The babies we have here now are about the same age as your girl.


----------



## Jen4 (Sep 11, 2011)

I've had my Porkchop (pbp) since she was 3 weeks old, she will be a year old this month.  She is the only pig here... but she lives in the barnyard with the chickens, guineas, ducks & goats... she munches all day long on grass, weeds, leaves, grubs whatever she finds, she gets our healthy scraps, sometimes I'll give her some bread, she gets alittle sweet feed & she eats some of the layer crumbles when I feed the chickens.  You can see her H-E-R-E...  I love her, shes my baby & shes a sweetie.


----------



## SuburbanFarmChic (Sep 12, 2011)

Pot Bellies are in that gray area. To many they are pigs which means meat. Also while they were not bred this way in America, they were originally an Asian breed and were a backyard meat animal that had a high lard percentage. It's actually a really nice fat.  It is also a soft fat similar to wild pigs which is (I have heard) healthier for you.  It will literally melt in your hand on a warm day.  

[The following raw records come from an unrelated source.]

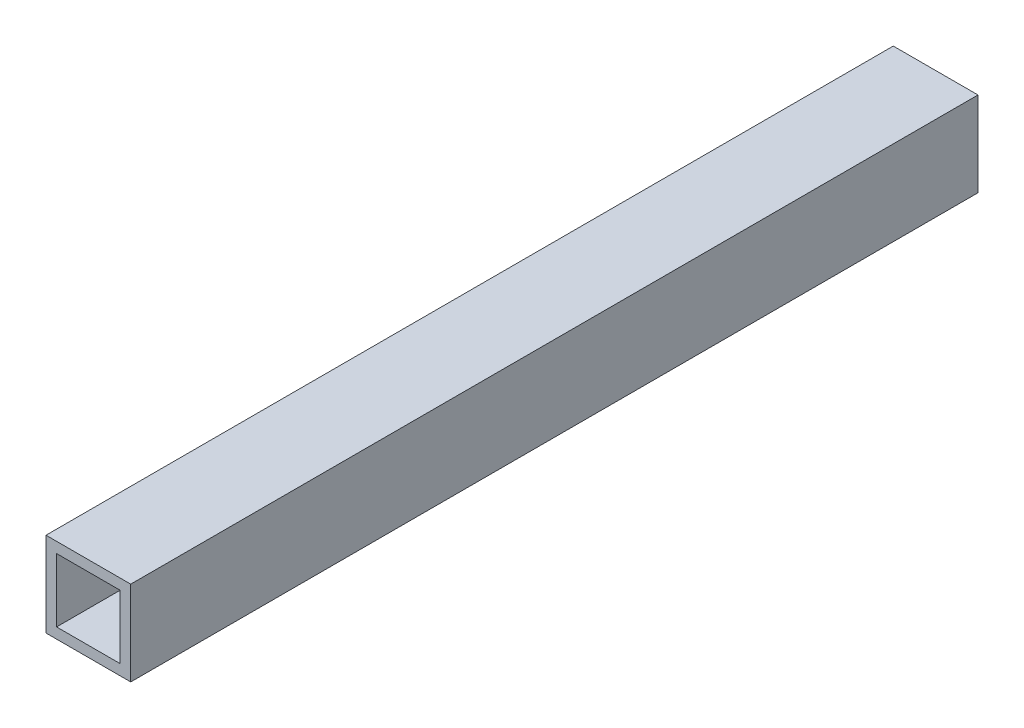
ISO-10303-21;
HEADER;
FILE_DESCRIPTION(('STEP AP214'),'2;1');
FILE_NAME('part.step','',(''),(''),'','','');
FILE_SCHEMA(('AUTOMOTIVE_DESIGN { 1 0 10303 214 1 1 1 1 }'));
ENDSEC;
DATA;
#1=APPLICATION_CONTEXT('core data for automotive mechanical design processes');
#2=APPLICATION_PROTOCOL_DEFINITION('international standard','automotive_design',2000,#1);
#3=PRODUCT_CONTEXT('',#1,'mechanical');
#4=PRODUCT('Part','Part','',(#3));
#5=PRODUCT_RELATED_PRODUCT_CATEGORY('part','',(#4));
#6=PRODUCT_DEFINITION_FORMATION('','',#4);
#7=PRODUCT_DEFINITION_CONTEXT('part definition',#1,'design');
#8=PRODUCT_DEFINITION('design','',#6,#7);
#9=PRODUCT_DEFINITION_SHAPE('','',#8);
#10=(LENGTH_UNIT() NAMED_UNIT(*) SI_UNIT(.MILLI.,.METRE.));
#11=(NAMED_UNIT(*) PLANE_ANGLE_UNIT() SI_UNIT($,.RADIAN.));
#12=(NAMED_UNIT(*) SI_UNIT($,.STERADIAN.) SOLID_ANGLE_UNIT());
#13=UNCERTAINTY_MEASURE_WITH_UNIT(LENGTH_MEASURE(1.E-05),#10,'distance_accuracy_value','');
#14=(GEOMETRIC_REPRESENTATION_CONTEXT(3) GLOBAL_UNCERTAINTY_ASSIGNED_CONTEXT((#13)) GLOBAL_UNIT_ASSIGNED_CONTEXT((#10,
#11,#12)) REPRESENTATION_CONTEXT('',''));
#15=CARTESIAN_POINT('',(0.,0.,0.));
#16=DIRECTION('',(0.,0.,1.));
#17=DIRECTION('',(1.,0.,0.));
#18=AXIS2_PLACEMENT_3D('',#15,#16,#17);
#19=CARTESIAN_POINT('',(9.525,9.525,0.));
#20=DIRECTION('',(1.,0.,0.));
#21=DIRECTION('',(0.,0.,-1.));
#22=AXIS2_PLACEMENT_3D('',#19,#20,#21);
#23=PLANE('',#22);
#24=DIRECTION('',(0.,-1.,0.));
#25=VECTOR('',#24,1.);
#26=CARTESIAN_POINT('',(9.525,4.7625,127.));
#27=LINE('',#26,#25);
#28=CARTESIAN_POINT('',(9.525,9.525,127.));
#29=VERTEX_POINT('',#28);
#30=CARTESIAN_POINT('',(9.525,-9.525,127.));
#31=VERTEX_POINT('',#30);
#32=EDGE_CURVE('E34',#29,#31,#27,.T.);
#33=ORIENTED_EDGE('',*,*,#32,.F.);
#34=DIRECTION('',(0.,0.,-1.));
#35=VECTOR('',#34,1.);
#36=CARTESIAN_POINT('',(9.525,9.525,0.));
#37=LINE('',#36,#35);
#38=CARTESIAN_POINT('',(9.525,9.525,-127.));
#39=VERTEX_POINT('',#38);
#40=EDGE_CURVE('E10',#29,#39,#37,.T.);
#41=ORIENTED_EDGE('',*,*,#40,.T.);
#42=DIRECTION('',(0.,1.,0.));
#43=VECTOR('',#42,1.);
#44=CARTESIAN_POINT('',(9.525,4.7625,-127.));
#45=LINE('',#44,#43);
#46=CARTESIAN_POINT('',(9.525,-9.525,-127.));
#47=VERTEX_POINT('',#46);
#48=EDGE_CURVE('E175',#47,#39,#45,.T.);
#49=ORIENTED_EDGE('',*,*,#48,.F.);
#50=DIRECTION('',(0.,0.,1.));
#51=VECTOR('',#50,1.);
#52=CARTESIAN_POINT('',(9.525,-9.525,0.));
#53=LINE('',#52,#51);
#54=EDGE_CURVE('E26',#47,#31,#53,.T.);
#55=ORIENTED_EDGE('',*,*,#54,.T.);
#56=EDGE_LOOP('',(#33,#41,#49,#55));
#57=FACE_BOUND('',#56,.T.);
#58=ADVANCED_FACE('F16',(#57),#23,.F.);
#59=CARTESIAN_POINT('',(9.525,-9.525,0.));
#60=DIRECTION('',(0.,-1.,0.));
#61=DIRECTION('',(0.,0.,-1.));
#62=AXIS2_PLACEMENT_3D('',#59,#60,#61);
#63=PLANE('',#62);
#64=DIRECTION('',(-1.,0.,0.));
#65=VECTOR('',#64,1.);
#66=CARTESIAN_POINT('',(4.7625,-9.525,127.));
#67=LINE('',#66,#65);
#68=CARTESIAN_POINT('',(-9.525,-9.525,127.));
#69=VERTEX_POINT('',#68);
#70=EDGE_CURVE('E166',#31,#69,#67,.T.);
#71=ORIENTED_EDGE('',*,*,#70,.F.);
#72=ORIENTED_EDGE('',*,*,#54,.F.);
#73=DIRECTION('',(1.,0.,0.));
#74=VECTOR('',#73,1.);
#75=CARTESIAN_POINT('',(4.7625,-9.525,-127.));
#76=LINE('',#75,#74);
#77=CARTESIAN_POINT('',(-9.525,-9.525,-127.));
#78=VERTEX_POINT('',#77);
#79=EDGE_CURVE('E117',#78,#47,#76,.T.);
#80=ORIENTED_EDGE('',*,*,#79,.F.);
#81=DIRECTION('',(0.,0.,1.));
#82=VECTOR('',#81,1.);
#83=CARTESIAN_POINT('',(-9.525,-9.525,0.));
#84=LINE('',#83,#82);
#85=EDGE_CURVE('E159',#78,#69,#84,.T.);
#86=ORIENTED_EDGE('',*,*,#85,.T.);
#87=EDGE_LOOP('',(#71,#72,#80,#86));
#88=FACE_BOUND('',#87,.T.);
#89=ADVANCED_FACE('F142',(#88),#63,.F.);
#90=CARTESIAN_POINT('',(-9.525,-9.525,0.));
#91=DIRECTION('',(-1.,0.,0.));
#92=DIRECTION('',(0.,0.,1.));
#93=AXIS2_PLACEMENT_3D('',#90,#91,#92);
#94=PLANE('',#93);
#95=DIRECTION('',(0.,1.,0.));
#96=VECTOR('',#95,1.);
#97=CARTESIAN_POINT('',(-9.525,-4.7625,127.));
#98=LINE('',#97,#96);
#99=CARTESIAN_POINT('',(-9.525,9.525,127.));
#100=VERTEX_POINT('',#99);
#101=EDGE_CURVE('E157',#69,#100,#98,.T.);
#102=ORIENTED_EDGE('',*,*,#101,.F.);
#103=ORIENTED_EDGE('',*,*,#85,.F.);
#104=DIRECTION('',(0.,-1.,0.));
#105=VECTOR('',#104,1.);
#106=CARTESIAN_POINT('',(-9.525,-4.7625,-127.));
#107=LINE('',#106,#105);
#108=CARTESIAN_POINT('',(-9.525,9.525,-127.));
#109=VERTEX_POINT('',#108);
#110=EDGE_CURVE('E121',#109,#78,#107,.T.);
#111=ORIENTED_EDGE('',*,*,#110,.F.);
#112=DIRECTION('',(0.,0.,1.));
#113=VECTOR('',#112,1.);
#114=CARTESIAN_POINT('',(-9.525,9.525,0.));
#115=LINE('',#114,#113);
#116=EDGE_CURVE('E162',#109,#100,#115,.T.);
#117=ORIENTED_EDGE('',*,*,#116,.T.);
#118=EDGE_LOOP('',(#102,#103,#111,#117));
#119=FACE_BOUND('',#118,.T.);
#120=ADVANCED_FACE('F138',(#119),#94,.F.);
#121=CARTESIAN_POINT('',(-9.525,9.525,0.));
#122=DIRECTION('',(0.,1.,0.));
#123=DIRECTION('',(0.,0.,1.));
#124=AXIS2_PLACEMENT_3D('',#121,#122,#123);
#125=PLANE('',#124);
#126=DIRECTION('',(1.,0.,0.));
#127=VECTOR('',#126,1.);
#128=CARTESIAN_POINT('',(-4.7625,9.525,127.));
#129=LINE('',#128,#127);
#130=EDGE_CURVE('E167',#100,#29,#129,.T.);
#131=ORIENTED_EDGE('',*,*,#130,.F.);
#132=ORIENTED_EDGE('',*,*,#116,.F.);
#133=DIRECTION('',(-1.,0.,0.));
#134=VECTOR('',#133,1.);
#135=CARTESIAN_POINT('',(-4.7625,9.525,-127.));
#136=LINE('',#135,#134);
#137=EDGE_CURVE('E174',#39,#109,#136,.T.);
#138=ORIENTED_EDGE('',*,*,#137,.F.);
#139=ORIENTED_EDGE('',*,*,#40,.F.);
#140=EDGE_LOOP('',(#131,#132,#138,#139));
#141=FACE_BOUND('',#140,.T.);
#142=ADVANCED_FACE('F128',(#141),#125,.F.);
#143=CARTESIAN_POINT('',(0.,0.,-127.));
#144=DIRECTION('',(0.,0.,1.));
#145=DIRECTION('',(1.,0.,0.));
#146=AXIS2_PLACEMENT_3D('',#143,#144,#145);
#147=PLANE('',#146);
#148=ORIENTED_EDGE('',*,*,#48,.T.);
#149=ORIENTED_EDGE('',*,*,#137,.T.);
#150=ORIENTED_EDGE('',*,*,#110,.T.);
#151=ORIENTED_EDGE('',*,*,#79,.T.);
#152=EDGE_LOOP('',(#148,#149,#150,#151));
#153=FACE_BOUND('',#152,.T.);
#154=DIRECTION('',(0.,-1.,0.));
#155=VECTOR('',#154,1.);
#156=CARTESIAN_POINT('',(-12.7,-12.7,-127.));
#157=LINE('',#156,#155);
#158=CARTESIAN_POINT('',(-12.7,12.7,-127.));
#159=VERTEX_POINT('',#158);
#160=CARTESIAN_POINT('',(-12.7,-12.7,-127.));
#161=VERTEX_POINT('',#160);
#162=EDGE_CURVE('E96',#159,#161,#157,.T.);
#163=ORIENTED_EDGE('',*,*,#162,.F.);
#164=DIRECTION('',(-1.,0.,0.));
#165=VECTOR('',#164,1.);
#166=CARTESIAN_POINT('',(-12.7,12.7,-127.));
#167=LINE('',#166,#165);
#168=CARTESIAN_POINT('',(12.7,12.7,-127.));
#169=VERTEX_POINT('',#168);
#170=EDGE_CURVE('E88',#169,#159,#167,.T.);
#171=ORIENTED_EDGE('',*,*,#170,.F.);
#172=DIRECTION('',(0.,1.,0.));
#173=VECTOR('',#172,1.);
#174=CARTESIAN_POINT('',(12.7,12.7,-127.));
#175=LINE('',#174,#173);
#176=CARTESIAN_POINT('',(12.7,-12.7,-127.));
#177=VERTEX_POINT('',#176);
#178=EDGE_CURVE('E111',#177,#169,#175,.T.);
#179=ORIENTED_EDGE('',*,*,#178,.F.);
#180=DIRECTION('',(1.,0.,0.));
#181=VECTOR('',#180,1.);
#182=CARTESIAN_POINT('',(12.7,-12.7,-127.));
#183=LINE('',#182,#181);
#184=EDGE_CURVE('E95',#161,#177,#183,.T.);
#185=ORIENTED_EDGE('',*,*,#184,.F.);
#186=EDGE_LOOP('',(#163,#171,#179,#185));
#187=FACE_BOUND('',#186,.T.);
#188=ADVANCED_FACE('F126',(#153,#187),#147,.F.);
#189=CARTESIAN_POINT('',(12.7,12.7,0.));
#190=DIRECTION('',(1.,0.,0.));
#191=DIRECTION('',(0.,0.,-1.));
#192=AXIS2_PLACEMENT_3D('',#189,#190,#191);
#193=PLANE('',#192);
#194=DIRECTION('',(0.,-1.,0.));
#195=VECTOR('',#194,1.);
#196=CARTESIAN_POINT('',(12.7,12.7,127.));
#197=LINE('',#196,#195);
#198=CARTESIAN_POINT('',(12.7,12.7,127.));
#199=VERTEX_POINT('',#198);
#200=CARTESIAN_POINT('',(12.7,-12.7,127.));
#201=VERTEX_POINT('',#200);
#202=EDGE_CURVE('E100',#199,#201,#197,.T.);
#203=ORIENTED_EDGE('',*,*,#202,.T.);
#204=DIRECTION('',(0.,0.,-1.));
#205=VECTOR('',#204,1.);
#206=CARTESIAN_POINT('',(12.7,-12.7,0.));
#207=LINE('',#206,#205);
#208=EDGE_CURVE('E107',#201,#177,#207,.T.);
#209=ORIENTED_EDGE('',*,*,#208,.T.);
#210=ORIENTED_EDGE('',*,*,#178,.T.);
#211=DIRECTION('',(0.,0.,-1.));
#212=VECTOR('',#211,1.);
#213=CARTESIAN_POINT('',(12.7,12.7,0.));
#214=LINE('',#213,#212);
#215=EDGE_CURVE('E101',#199,#169,#214,.T.);
#216=ORIENTED_EDGE('',*,*,#215,.F.);
#217=EDGE_LOOP('',(#203,#209,#210,#216));
#218=FACE_BOUND('',#217,.T.);
#219=ADVANCED_FACE('F124',(#218),#193,.T.);
#220=CARTESIAN_POINT('',(12.7,-12.7,0.));
#221=DIRECTION('',(0.,-1.,0.));
#222=DIRECTION('',(0.,0.,-1.));
#223=AXIS2_PLACEMENT_3D('',#220,#221,#222);
#224=PLANE('',#223);
#225=DIRECTION('',(-1.,0.,0.));
#226=VECTOR('',#225,1.);
#227=CARTESIAN_POINT('',(12.7,-12.7,127.));
#228=LINE('',#227,#226);
#229=CARTESIAN_POINT('',(-12.7,-12.7,127.));
#230=VERTEX_POINT('',#229);
#231=EDGE_CURVE('E109',#201,#230,#228,.T.);
#232=ORIENTED_EDGE('',*,*,#231,.T.);
#233=DIRECTION('',(0.,0.,-1.));
#234=VECTOR('',#233,1.);
#235=CARTESIAN_POINT('',(-12.7,-12.7,0.));
#236=LINE('',#235,#234);
#237=EDGE_CURVE('E78',#230,#161,#236,.T.);
#238=ORIENTED_EDGE('',*,*,#237,.T.);
#239=ORIENTED_EDGE('',*,*,#184,.T.);
#240=ORIENTED_EDGE('',*,*,#208,.F.);
#241=EDGE_LOOP('',(#232,#238,#239,#240));
#242=FACE_BOUND('',#241,.T.);
#243=ADVANCED_FACE('F136',(#242),#224,.T.);
#244=CARTESIAN_POINT('',(-12.7,-12.7,0.));
#245=DIRECTION('',(-1.,0.,0.));
#246=DIRECTION('',(0.,0.,1.));
#247=AXIS2_PLACEMENT_3D('',#244,#245,#246);
#248=PLANE('',#247);
#249=DIRECTION('',(0.,1.,0.));
#250=VECTOR('',#249,1.);
#251=CARTESIAN_POINT('',(-12.7,-12.7,127.));
#252=LINE('',#251,#250);
#253=CARTESIAN_POINT('',(-12.7,12.7,127.));
#254=VERTEX_POINT('',#253);
#255=EDGE_CURVE('E91',#230,#254,#252,.T.);
#256=ORIENTED_EDGE('',*,*,#255,.T.);
#257=DIRECTION('',(0.,0.,1.));
#258=VECTOR('',#257,1.);
#259=CARTESIAN_POINT('',(-12.7,12.7,0.));
#260=LINE('',#259,#258);
#261=EDGE_CURVE('E84',#159,#254,#260,.T.);
#262=ORIENTED_EDGE('',*,*,#261,.F.);
#263=ORIENTED_EDGE('',*,*,#162,.T.);
#264=ORIENTED_EDGE('',*,*,#237,.F.);
#265=EDGE_LOOP('',(#256,#262,#263,#264));
#266=FACE_BOUND('',#265,.T.);
#267=ADVANCED_FACE('F92',(#266),#248,.T.);
#268=CARTESIAN_POINT('',(-12.7,12.7,0.));
#269=DIRECTION('',(0.,1.,0.));
#270=DIRECTION('',(0.,0.,1.));
#271=AXIS2_PLACEMENT_3D('',#268,#269,#270);
#272=PLANE('',#271);
#273=DIRECTION('',(1.,0.,0.));
#274=VECTOR('',#273,1.);
#275=CARTESIAN_POINT('',(-12.7,12.7,127.));
#276=LINE('',#275,#274);
#277=EDGE_CURVE('E20',#254,#199,#276,.T.);
#278=ORIENTED_EDGE('',*,*,#277,.T.);
#279=ORIENTED_EDGE('',*,*,#215,.T.);
#280=ORIENTED_EDGE('',*,*,#170,.T.);
#281=ORIENTED_EDGE('',*,*,#261,.T.);
#282=EDGE_LOOP('',(#278,#279,#280,#281));
#283=FACE_BOUND('',#282,.T.);
#284=ADVANCED_FACE('F85',(#283),#272,.T.);
#285=CARTESIAN_POINT('',(0.,0.,127.));
#286=DIRECTION('',(0.,0.,1.));
#287=DIRECTION('',(1.,0.,0.));
#288=AXIS2_PLACEMENT_3D('',#285,#286,#287);
#289=PLANE('',#288);
#290=ORIENTED_EDGE('',*,*,#32,.T.);
#291=ORIENTED_EDGE('',*,*,#70,.T.);
#292=ORIENTED_EDGE('',*,*,#101,.T.);
#293=ORIENTED_EDGE('',*,*,#130,.T.);
#294=EDGE_LOOP('',(#290,#291,#292,#293));
#295=FACE_BOUND('',#294,.T.);
#296=ORIENTED_EDGE('',*,*,#202,.F.);
#297=ORIENTED_EDGE('',*,*,#277,.F.);
#298=ORIENTED_EDGE('',*,*,#255,.F.);
#299=ORIENTED_EDGE('',*,*,#231,.F.);
#300=EDGE_LOOP('',(#296,#297,#298,#299));
#301=FACE_BOUND('',#300,.T.);
#302=ADVANCED_FACE('F18',(#295,#301),#289,.T.);
#303=CLOSED_SHELL('',(#58,#89,#120,#142,#188,#219,#243,#267,#284,#302));
#304=MANIFOLD_SOLID_BREP('B1',#303);
#305=ADVANCED_BREP_SHAPE_REPRESENTATION('',(#18,#304),#14);
#306=SHAPE_DEFINITION_REPRESENTATION(#9,#305);
ENDSEC;
END-ISO-10303-21;

They are also super sweet, people oriented, friendly, intelligent, naughty, etc. All the things you want in a farm pet.  In my experience it's mostly a cute form of naughty.  Some do get nippy though so you have to be careful. 


But this is what they were bred for. To be a very friendly backyard pig that produced a high qty of fat to cook with or make soap with and they fit that requirement exactly.  They do quite well on backyard scraps/leavings/food waste and because they are small they don't take nearly as much caloric input as a larger hog.  And have a far better attitude to boot. 


Just because they started out as a meat pig though doesn't mean they don't make FANTASTIC pets.  You can clearly raise your piglet in the same fashion as a meat PB would be and then just never eat it.   Nothing says she can't be a composter for you that takes in kitchen waste and gives you lovely poop mixed with bedding to put in the garden after it cures.  Then she's helping provide food for your family by keeping the garden going and subsisting mostly on that which you would have thrown away.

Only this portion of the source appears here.